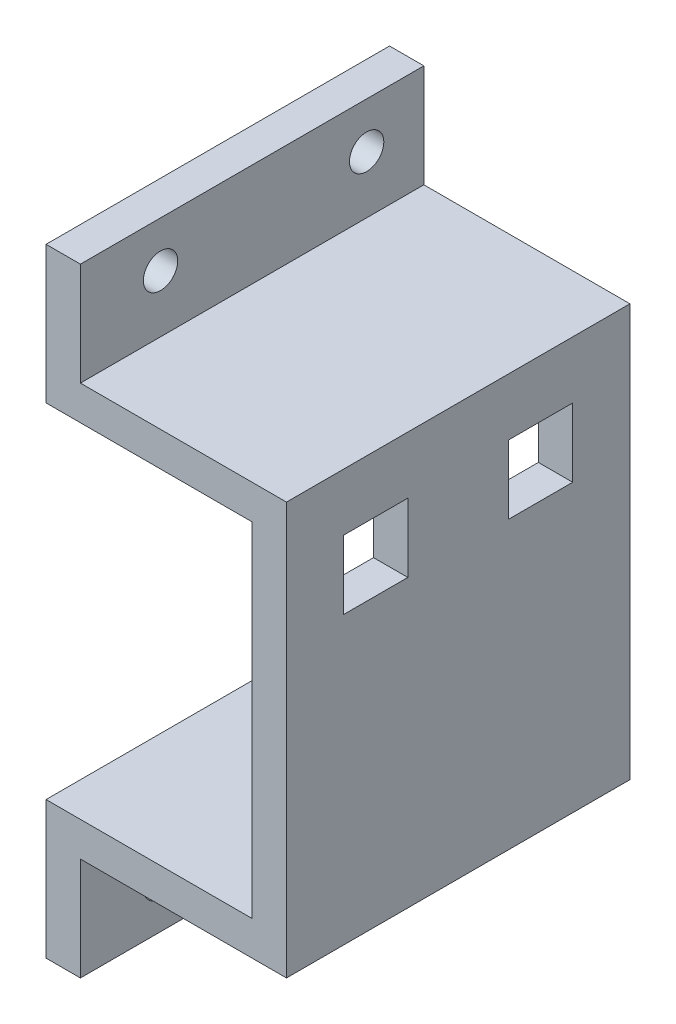
SolidWorks part; units mm, degrees
ref_plane "Front" through (0, 0, 0) normal (0, 0, 1) x (1, 0, 0)
ref_plane "Top" through (0, 0, 0) normal (0, 1, 0) x (1, 0, 0)
ref_plane "Right" through (0, 0, 0) normal (1, 0, 0) x (0, 0, -1)
sketch "草图1" plane through (0, 0, 0) normal (0, 0, 1) x (1, 0, 0)
  line L0 (0, 0) -> (18, 0)
  line L1 (18, 0) -> (18, -30)
  line L2 (18, -30) -> (0, -30)
  line L3 (0, -30) -> (0, -42)
  line L4 (0, 0) -> (0, 12)
  line L5 (3, 3) -> (3, 12)
  line L6 (3, 3) -> (21, 3)
  line L7 (21, 3) -> (21, -33)
  line L8 (21, -33) -> (3, -33)
  line L9 (3, -33) -> (3, -42)
  line L10 (0, 12) -> (3, 12)
  line L11 (3, -42) -> (0, -42)
  dimension "D1" = 12
  dimension "D2" = 30
  dimension "D3" = 18
  dimension "D4" = 3
extrude "凸台-拉伸1" add sketch "草图1" along normal mid plane 30
sketch "草图2" plane through (21, 0, 0) normal (1, 0, 0) x (0, 0, -1)
  line L0 (-15, -33) -> (-15, 3) construction
  line L1 (-10, -8) -> (-4.4, -8)
  line L2 (-10, -8) -> (-10, -2)
  line L3 (-10, -2) -> (-4.4, -2)
  line L4 (-4.4, -8) -> (-4.4, -2)
  line L5 (-10, -8) -> (-4.4, -2) construction
  line L6 (-10, -2) -> (-4.4, -8) construction
  line L7 (-15, 3) -> (15, 3) construction
  point P0 (-7.2, -5)
  dimension "D1" = 5.6
  dimension "D2" = 6
  dimension "D3" = 5
  dimension "D4" = 8
extrude "切除-拉伸1" cut sketch "草图2" against normal blind 20
mirror "镜向1" about plane through (0, 0, 0) normal (0, 0, 1) of "切除-拉伸1"
sketch "草图3" plane through (3, 0, 0) normal (1, 0, 0) x (0, 0, -1)
  line L1 (-8, 8) -> (10, 8) construction
  line L3 (-15, 3) -> (-15, 12) construction
  line L4 (-15, 12) -> (15, 12) construction
  circle A0 centre (10, 8) radius 1.5
  circle A1 centre (-8, 8) radius 1.5
  point P8 (0, 12)
  dimension "D2" = 3
  dimension "D1" = 18
  dimension "D3" = 7
  dimension "D4" = 4
extrude "切除-拉伸2" cut sketch "草图3" against normal blind 10 contours A1 | A0
ref_plane "基准面1" through (0, -15, 0) normal (0, -1, 0) x (-1, 0, 0)
mirror "镜向2" about plane through (0, -15, 0) normal (0, -1, 0) of "切除-拉伸2"
---
(TASK GOAL) Across the entries above, how many lines contain the string "construction"? The number alone is the answer.

(ANSWER SPACE) 7